A contented-looking woman sleeping in bed.

In honor of National Sleep Awareness Week (March 10-16, 2024), researchers across Mass General Brigham are sharing what they’d like people to know about the impact of sleep on our health.


“It is commonly known that getting more sleep is better for our general health and longevity. In recent work, we demonstrated that the regularity of one's sleep timing is as important as the duration of one's sleep in relation to our overall longevity. Having a regular sleep and wake time was associated with lower all-cause mortality, as well as cancer and cardiometabolic mortality.”

Angus C. Burns, PhD
Research Fellow
Division of Sleep and Circadian Disorders
Brigham and Women’s Hospital


“Chronic insomnia is now a recognized risk factor for the development of major depressive disorder (MDD) in adults, children and adolescents.
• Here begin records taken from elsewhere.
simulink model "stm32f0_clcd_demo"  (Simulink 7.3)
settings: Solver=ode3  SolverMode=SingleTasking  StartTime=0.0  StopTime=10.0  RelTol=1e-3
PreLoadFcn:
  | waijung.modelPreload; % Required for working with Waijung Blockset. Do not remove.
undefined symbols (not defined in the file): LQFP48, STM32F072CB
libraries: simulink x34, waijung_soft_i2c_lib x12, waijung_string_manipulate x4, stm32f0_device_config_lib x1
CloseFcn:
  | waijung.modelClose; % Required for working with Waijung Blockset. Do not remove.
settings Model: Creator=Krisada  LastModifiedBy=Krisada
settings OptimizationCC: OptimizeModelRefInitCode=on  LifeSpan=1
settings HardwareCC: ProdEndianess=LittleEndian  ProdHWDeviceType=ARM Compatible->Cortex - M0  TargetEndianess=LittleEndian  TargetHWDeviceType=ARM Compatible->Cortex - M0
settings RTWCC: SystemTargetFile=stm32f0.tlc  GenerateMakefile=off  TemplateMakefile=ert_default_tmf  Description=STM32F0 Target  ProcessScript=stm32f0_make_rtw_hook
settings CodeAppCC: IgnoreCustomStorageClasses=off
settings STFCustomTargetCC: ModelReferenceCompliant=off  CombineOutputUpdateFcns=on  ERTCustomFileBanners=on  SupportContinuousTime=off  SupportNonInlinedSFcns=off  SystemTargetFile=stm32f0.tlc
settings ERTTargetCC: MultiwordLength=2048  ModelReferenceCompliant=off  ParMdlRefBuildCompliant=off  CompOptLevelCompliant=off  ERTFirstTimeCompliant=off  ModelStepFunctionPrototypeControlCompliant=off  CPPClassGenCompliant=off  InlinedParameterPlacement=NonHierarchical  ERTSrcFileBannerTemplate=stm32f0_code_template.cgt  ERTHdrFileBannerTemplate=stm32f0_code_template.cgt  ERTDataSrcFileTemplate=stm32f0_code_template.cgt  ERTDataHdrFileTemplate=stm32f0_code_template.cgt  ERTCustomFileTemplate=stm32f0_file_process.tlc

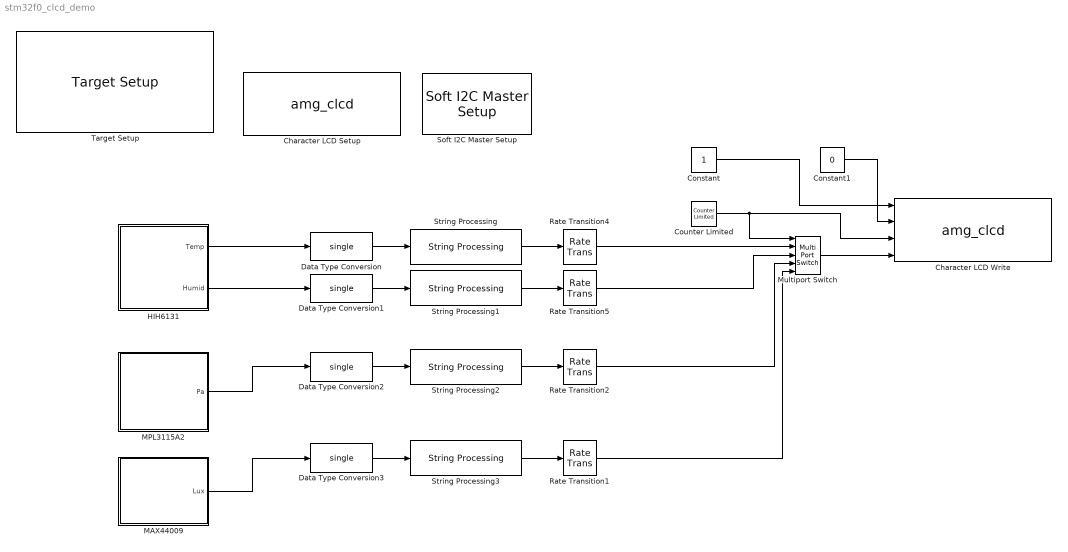
== system stm32f0_clcd_demo ==
  Character LCD Setup : S-Function  FunctionName=amg_clcd  Parameters=module,configuration,inputtypearray,outputtypearray,confstr,sampletime,sampletimestr,blockid  EnableBusSupport=off  mask(amg_clcd){configuration=Setup, module=1, model=amg CLCD Std, interface=4-bits, linecount=4, columncount=16, gpiotype=Push-pull, controlport=B, control_rs=2, control_rw=10, control_en=11, dataport=B, data0=12, data1=13, data2=0, data3=1, usestringbuffer=off, stringbuffer=<empty>, varname=, inputtypearray=[0], outputtypearray=[0], confstr=["4","4","16","PP","B","2","11","10","","B","","","","","12","13","0","1","0","","0","1","0","0","0","0","0","0","0","stm32f0"], sampletime=-1, sampletimestr=0.1, blockid=CharacterLCDSetup}
      mask prompts: model "LCD model:"; linecount "Number of lines (2 or 4):"; columncount "Number of columns (16 or 20):"; gpiotype "GPIO Output type:"; controlport "GPIO control port:"; control_rs "GPIO control pin, RS:"; control_rw "GPIO control pin, RW:"; control_en "GPIO control pin, EN:"; dataport "GPIO data D[7:4] port"; data0 "GPIO data pin, D4:"; data1 "GPIO data pin, D5:"; data2 "GPIO data pin, D6:"; data3 "GPIO data pin, D7:"; usestringbuffer "Use string buffer"; stringbuffer "String buffer"; varname "Variable name"; inputtypearray "Input type array"; outputtypearray "Output type array"; confstr "Configuration string"; sampletime "Sample time (sec)"; sampletimestr "Compiled sample time (sec) in string"
      mask init:
      | amg_clcd_callback('init');
      mask Help: web(fullfile(waijungdocroot,'amg_clcd_setup.htm'), '-browser')
      mask StyleString: popup(Setup|Transaction),popup(1|2|3|4),popup(amg CLCD Std),popup(4-bits),edit,edit,popup(Push-pull|Open-drain),popup(A|B|C|D|E|F|G|H|I),popup(0|1|2|3|4|5|6|7|8|9|10|11|12|13|14|15),popup(0|1|2|3|4|5|6|7|8|9|10|11|12|13|14|15),popup(0|1|2|3|4|5|6|7|8|9|10|11|12|13|14|15),popup(A|B|C|D|E|F|G|H|I),popup(0|1|2|3|4|5|6|7|8|9|10|11|12|13|14|15),popup(0|1|2|3|4|5|6|7|8|9|10|11|12|13|14|15),popup(0|1|2|3|4|5|6|7|8|9|10|11|12|13|14|15),popup(0|1|2|3|4|5|6|7|8|9|10|11|12|13|14|15),checkbox,popup(<empty>),edit,edit,edit,edit,edit,edit,edit
      mask CallbackString: amg_clcd_callback('configuration');||||||||||||||||amg_clcd_callback('usestringbuffer');||amg_clcd_callback('varname');|||amg_clcd_callback('confstr');|amg_clcd_callback('sampletime');|amg_clcd_callback('sampletimestr');|amg_clcd_callback('blockid');
      mask Display: text(0.5, 0.5, 'Module: CLCD1 (Setup)\nInterface: 4-bits\nCntrl: B2/B10/B11\nD[7:4]: B12/B13/B0/B1\nTs (sec): 0.1','ver','middle','hor','center');
  Character LCD Write : S-Function  FunctionName=amg_clcd  Parameters=module,configuration,inputtypearray,outputtypearray,confstr,sampletime,sampletimestr,blockid  EnableBusSupport=off  mask(amg_clcd){configuration=Transaction, module=1, model=amg CLCD Std, interface=4-bits, linecount=4, columncount=20, gpiotype=Push-pull, controlport=E, control_rs=15, control_rw=13, control_en=11, dataport=A, data0=7, data1=5, data2=3, data3=1, usestringbuffer=off, stringbuffer=<empty>, varname=, inputtypearray=[4 -1 -1 -1 -1], outputtypearray=[0], confstr=["4","4","20","PP","E","15","11","13","","A","","","","","7","5","3","1","0","","1","0","0","0","1","0","0","0","0","stm32f0"], sampletime=-1, sampletimestr=0.1, blockid=CharacterLCDWrite}
      mask prompts: model "LCD model:"; linecount "Number of lines:"; columncount "Number of columns:"; gpiotype "GPIO Output type:"; controlport "GPIO control port:"; control_rs "GPIO control pin, RS:"; control_rw "GPIO control pin, RW:"; control_en "GPIO control pin, EN:"; dataport "GPIO data D[7:4] port"; data0 "GPIO data pin, D4:"; data1 "GPIO data pin, D5:"; data2 "GPIO data pin, D6:"; data3 "GPIO data pin, D7:"; usestringbuffer "Use string buffer"; stringbuffer "String buffer"; varname "Variable name"; inputtypearray "Input type array"; outputtypearray "Output type array"; confstr "Configuration string"; sampletime "Sample time (sec)"; sampletimestr "Compiled sample time (sec) in string"
      mask help:
      | Note for cmd:
      | 1 - Clear specified LCD line display before write data to LCD.
      | Otherwise (e.g. 0) - Write data without clearing LCD Line.
      |
      | Position:
      | x = 0, First Character (from left to right)
      | y = 0, Top Line
      mask init:
      | amg_clcd_callback('init');
      mask Help: web(fullfile(waijungdocroot,'amg_clcd_write.htm'), '-browser')
      mask StyleString: popup(Setup|Transaction),popup(1|2|3|4),popup(amg CLCD Std),popup(4-bits),edit,edit,popup(Push-pull|Open-drain),popup(A|B|C|D|E|F|G|H|I),popup(0|1|2|3|4|5|6|7|8|9|10|11|12|13|14|15),popup(0|1|2|3|4|5|6|7|8|9|10|11|12|13|14|15),popup(0|1|2|3|4|5|6|7|8|9|10|11|12|13|14|15),popup(A|B|C|D|E|F|G|H|I),popup(0|1|2|3|4|5|6|7|8|9|10|11|12|13|14|15),popup(0|1|2|3|4|5|6|7|8|9|10|11|12|13|14|15),popup(0|1|2|3|4|5|6|7|8|9|10|11|12|13|14|15),popup(0|1|2|3|4|5|6|7|8|9|10|11|12|13|14|15),checkbox,popup(<empty>),edit,edit,edit,edit,edit,edit,edit
      mask CallbackString: amg_clcd_callback('configuration');||||||||||||||||amg_clcd_callback('usestringbuffer');||amg_clcd_callback('varname');|||amg_clcd_callback('confstr');|amg_clcd_callback('sampletime');|amg_clcd_callback('sampletimestr');|amg_clcd_callback('blockid');
      mask Display: text(0.5, 0.5, 'Module: CLCD1 (Write)\nTs (sec): 0.1','ver','middle','hor','center');port_label('input', 1,'cmd');port_label('input', 2,'xpos');port_label('input', 3,'ypos');port_label('input', 4,'str');
  Constant : Constant  OutDataType=fixdt(1, 16)  OutScaling=2^0
  Constant1 : Constant  Value=0  OutDataType=fixdt(1, 16)  OutScaling=2^0
  Counter Limited : simulink/Sources/Counter Limited  SystemSampleTime=-1  uplimit=3  tsamp=-1
  Data Type Conversion{,1..3} (4 alike) : DataTypeConversion  OutDataTypeMode=single  OutDataType=fixdt(1, 16)  OutScaling=2^0  OutDataTypeStr=single
  HIH6131 : Subsystem
  MAX44009 : Subsystem
  MPL3115A2 : Subsystem
  Multiport Switch : MultiPortSwitch  Inputs=4  zeroidx=on  OutDataType=fixdt(1, 16)  OutScaling=2^0
  Rate Transition{1..2,4..5} (4 alike) : RateTransition
  Soft I2C Master Setup : waijung_soft_i2c_lib/Soft I2C Master Setup  conf=Setup  targetname=stm32f0  module=1  transfer=Blocking  clk=250  timeout=25  sdapins='B7'  sclpins='B6'  writecount=1  readcount=1  waittime=0  forcestop=off  portpinstr=0  sampletime=-1  blockid=SoftI2CMasterSetup  inputporttype=[]  inputportwidth=[]  inputportlabel={}  outputporttype=[]  outputportwidth=[]  outputportlabel={}  compat=0  optionstring="[\"1\",\"250000\",\"3\",\"2\",\"1\",\"1\",\"25\",\"\",\"\",\"\",\"0\",\"1\",\"0\",\"0\",\"0\",\"0\",\"0\",\"0\",\"0\",\"\",\"1\",\"B\",\"7\",\"B\",\"6\"]"
  String Processing : waijung_string_manipulate/String Processing  conf=processing  stringfunction=sprintf  stringformat='Temp:%1.2f'  begindelimiter=''  enddelimiter=''  buffersize=16  enablestatus=off  portpinstr=0  sampletime=inf  blockid=StringProcessing  inputporttype=[-1]  inputportwidth=[1]  inputportlabel={'%f'}  outputporttype=[3]  outputportwidth=[16]  outputportlabel={'Output'}  compat=0  optionstring=[]  datatypestring="[\"float\"]"
  String Processing1 : waijung_string_manipulate/String Processing  conf=processing  stringfunction=sprintf  stringformat='Humid:%1.2f'  begindelimiter=''  enddelimiter=''  buffersize=16  enablestatus=off  portpinstr=0  sampletime=inf  blockid=StringProcessing1  inputporttype=[-1]  inputportwidth=[1]  inputportlabel={'%f'}  outputporttype=[3]  outputportwidth=[16]  outputportlabel={'Output'}  compat=0  optionstring=[]  datatypestring="[\"float\"]"
  String Processing2 : waijung_string_manipulate/String Processing  conf=processing  stringfunction=sprintf  stringformat='Pa: %1.2f'  begindelimiter=''  enddelimiter=''  buffersize=16  enablestatus=off  portpinstr=0  sampletime=inf  blockid=StringProcessing2  inputporttype=[-1]  inputportwidth=[1]  inputportlabel={'%f'}  outputporttype=[3]  outputportwidth=[16]  outputportlabel={'Output'}  compat=0  optionstring=[]  datatypestring="[\"float\"]"
  String Processing3 : waijung_string_manipulate/String Processing  conf=processing  stringfunction=sprintf  stringformat='Lux: %1.2f'  begindelimiter=''  enddelimiter=''  buffersize=16  enablestatus=off  portpinstr=0  sampletime=inf  blockid=StringProcessing3  inputporttype=[-1]  inputportwidth=[1]  inputportlabel={'%f'}  outputporttype=[3]  outputportwidth=[16]  outputportlabel={'Output'}  compat=0  optionstring=[]  datatypestring="[\"float\"]"
  Target Setup : stm32f0_device_config_lib/Target Setup  Priority=100  compiler=GNU ARM  previous_compiler=GNU ARM  mcu=STM32F072CB (LQFP48)  mcustr=STM32F072CB  stdlib=STM32F072  clockconfig=FiO MOTE-ST Default (HSEOSC-8MHz/HCLK-48MHz)  system_stm32f0xx_c_path=F:\trunk\targets\stm32f0_target\stm32f0\utils\STM32F0xx_AN4055\stm32f0_default\hse8mhz_pll_hclk48mhz  showmemoryconfiguration=on  stacksize=0x400  heapsize=0x200  enableautocompiledownload=on  fullchiperase=off  programmerinterface=aMG USB Connect  editctrlstr=on  compilercontrolstr=$(patsubst %, -I%, .) -mcpu=cortex-m0 -mthumb -mabi=aapcs -Wall -O3 -mfloat-abi=soft -ffunction-sections -fdata-sections -fno-strict-aliasing -fno-builtin --short-enums  assemblercontrolstr=$(patsubst %, -I%, .) -mcpu=cortex-m0 -mtune=cortex-m0 -mthumb -Wall -O3 -Wa,-amhls=$(<:.s=.lst) -D__STACK_SIZE=$(STACK_SIZE) -D__HEAP_SIZE=$(HEAP_SIZE)  linkercontrolstr="-T$(LD_SCRIPT) -Wl,-Map=$(MAP),--cref,--no-warn-mismatch -mcpu=cortex-m0 -mthumb  -Wall -O3 -mabi=aapcs -lc -specs=nosys.specs"  runafterdownload=on  execprofile=None  profileruart=3  profilerbaud=500000  profilertxpin=Not used  profilerinitstr=0.1,48000000,4800000,500000,0  manualsetsampletime=off  sampletime=0.1  blockid=TargetSetup  systickreloadvalue=4800000  hseval=8000000  lastprofileruart=3  hclk=48000000  flashorigin=0x8000000  flashlength=128k  ramorigin=0x20000000  ramlength=16k  useextram=off
  wires:
  Data Type Conversion/1 -> String Processing/1
  Data Type Conversion1/1 -> String Processing1/1
  Data Type Conversion3/1 -> String Processing3/1
  String Processing/1 -> Rate Transition4/1
  String Processing1/1 -> Rate Transition5/1
  String Processing3/1 -> Rate Transition1/1
  Counter Limited/1 -> Multiport Switch/1, Character LCD Write/3
  Multiport Switch/1 -> Character LCD Write/4
  Constant/1 -> Character LCD Write/1
  Constant1/1 -> Character LCD Write/2
  Rate Transition4/1 -> Multiport Switch/2
  Rate Transition5/1 -> Multiport Switch/3
  Data Type Conversion2/1 -> String Processing2/1
  String Processing2/1 -> Rate Transition2/1
  Rate Transition2/1 -> Multiport Switch/4
  Rate Transition1/1 -> Multiport Switch/5
  HIH6131/1(Temp) -> Data Type Conversion/1
  HIH6131/2(Humid) -> Data Type Conversion1/1
  MPL3115A2/1(Pa) -> Data Type Conversion2/1
  MAX44009/1(Lux) -> Data Type Conversion3/1

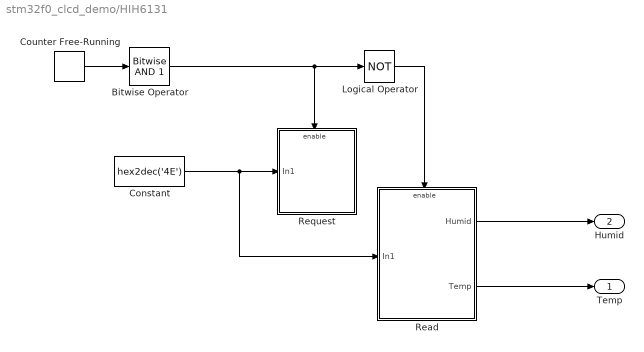
== system stm32f0_clcd_demo/HIH6131 ==
  Bitwise Operator : simulink/Logic and Bit Operations/Bitwise Operator  logicop=AND  UseBitMask=on  BitMask=1  BitMaskRealWorld=Stored Integer
  Constant : Constant  Value=hex2dec('4E')  OutDataTypeMode=uint8  OutDataType=fixdt(1, 16)  OutScaling=2^0  OutDataTypeStr=uint8  SampleTime=0.5
  Counter Free-Running : simulink/Sources/Counter Free-Running  SystemSampleTime=-1  NumBits=16  tsamp=-1
  Logical Operator : Logic  Operator=NOT  AllPortsSameDT=off  OutDataTypeMode=boolean  LogicDataType=fixdt(0, 8)  OutDataTypeStr=boolean
  Read : Subsystem
  Request : Subsystem
  Temp : Outport
  Humid : Outport  Port=2
  wires:
  Constant/1 -> Read/1(In1), Request/1(In1)
  Counter Free-Running/1 -> Bitwise Operator/1
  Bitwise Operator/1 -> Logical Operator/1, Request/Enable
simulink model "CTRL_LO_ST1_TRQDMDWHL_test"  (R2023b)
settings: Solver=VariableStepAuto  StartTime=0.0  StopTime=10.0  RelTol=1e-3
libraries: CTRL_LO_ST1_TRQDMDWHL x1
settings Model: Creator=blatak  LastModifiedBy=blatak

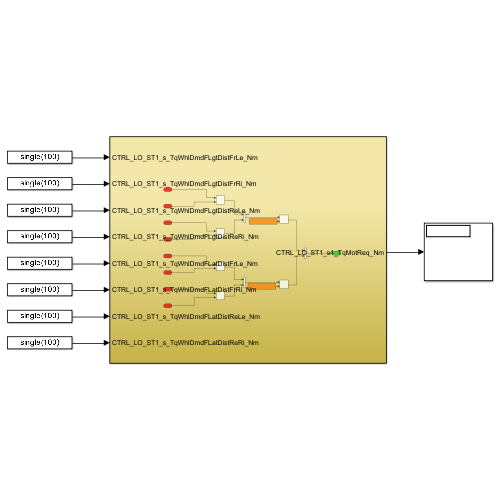
[thumbnail: Simulink's stored preview of the top-level diagram]
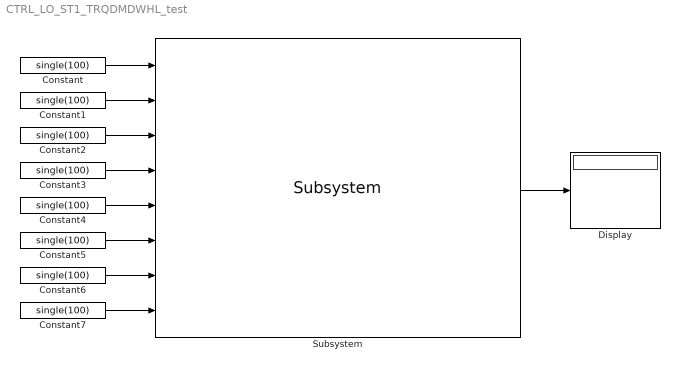
== system CTRL_LO_ST1_TRQDMDWHL_test ==
  Constant{,1..7} (8 alike) : Constant  Value=single(100)
  Display : Display
  Subsystem : CTRL_LO_ST1_TRQDMDWHL/Subsystem  SystemSampleTime=-1  VariantActivationTime=update diagram  AllowFlexibleInterface=on  Latency=0  AutoFrameSizeCalculation=off
  wires:
  Constant/1 -> Subsystem/1
  Constant1/1 -> Subsystem/2
  Constant2/1 -> Subsystem/3
  Constant3/1 -> Subsystem/4
  Constant4/1 -> Subsystem/5
  Constant5/1 -> Subsystem/6
  Constant6/1 -> Subsystem/7
  Constant7/1 -> Subsystem/8
  Subsystem/1 -> Display/1

It can worsen symptom severity and lead to poor treatment outcomes in patients with MDD. Our study has shown that deep transcranial magnetic stimulation (dTMS), a non-invasive brain stimulation treatment, can improve both insomnia and depression outcomes in adult patients who failed multiple medication trials for treatment of MDD. I think that brain stimulation therapies hold promise in treating insomnia in complex patients with difficult-to-treat depression, and more research is needed to advance such treatments.”

Amit Chopra, MBBS, DFAPA
Department of Psychiatry, Division of Sleep Medicine
Massachusetts General Hospital


“Sleep is central to human health and wellbeing. However, how long we sleep and how well we sleep is very often affected by diseases. Prioritizing sleep and following healthy sleep practices during illness can expedite recovery and lower pain sensitivity.”

Hassan S. Dashti, PhD, RD
Assistant Professor/Assistant Investigator
Department of Anesthesia Critical Care and Pain Medicine
Massachusetts General Hospital


“Sleep is one of the most important aspects of a child’s life. Sleep disruption is implicated in emotional, cognitive, and physical health problems for children and adolescents. Parents should speak with their child's pediatrician if there are concerns about sleep quality and its effects.”

Kevin Gipson, MD, MS
Pediatric Pulmonologist and Sleep Medicine Physician
Mass General for Children


Obstructive sleep apnea (OSA) can cause vague or atypical symptoms in women such as fatigue, anxiety/depression, or insomnia. These less specific symptoms can lead to a delay in sleep testing since many people may not recognize them as signs of OSA. Furthermore, home sleep apnea testing can be normal and/or underestimate OSA severity since sleep apnea events causing arousals, rather than drops in oxygen, will not be detected. A compressive sleep study in a sleep lab often will reveal more complete information.”

Phillip Huyett, MD
Director of Sleep Surgery
Mass Eye and Ear


Our research shows that you can't sleep ‘too much.’ If you are tired, you should sleep — especially if you didn't have enough sleep on a day when you go to work or school. If you are still tired after being in bed more than 8 hours — or if your bedpartner says you snore loudly, or stop breathing, or kick during sleep — please visit a sleep clinic for an evaluation.”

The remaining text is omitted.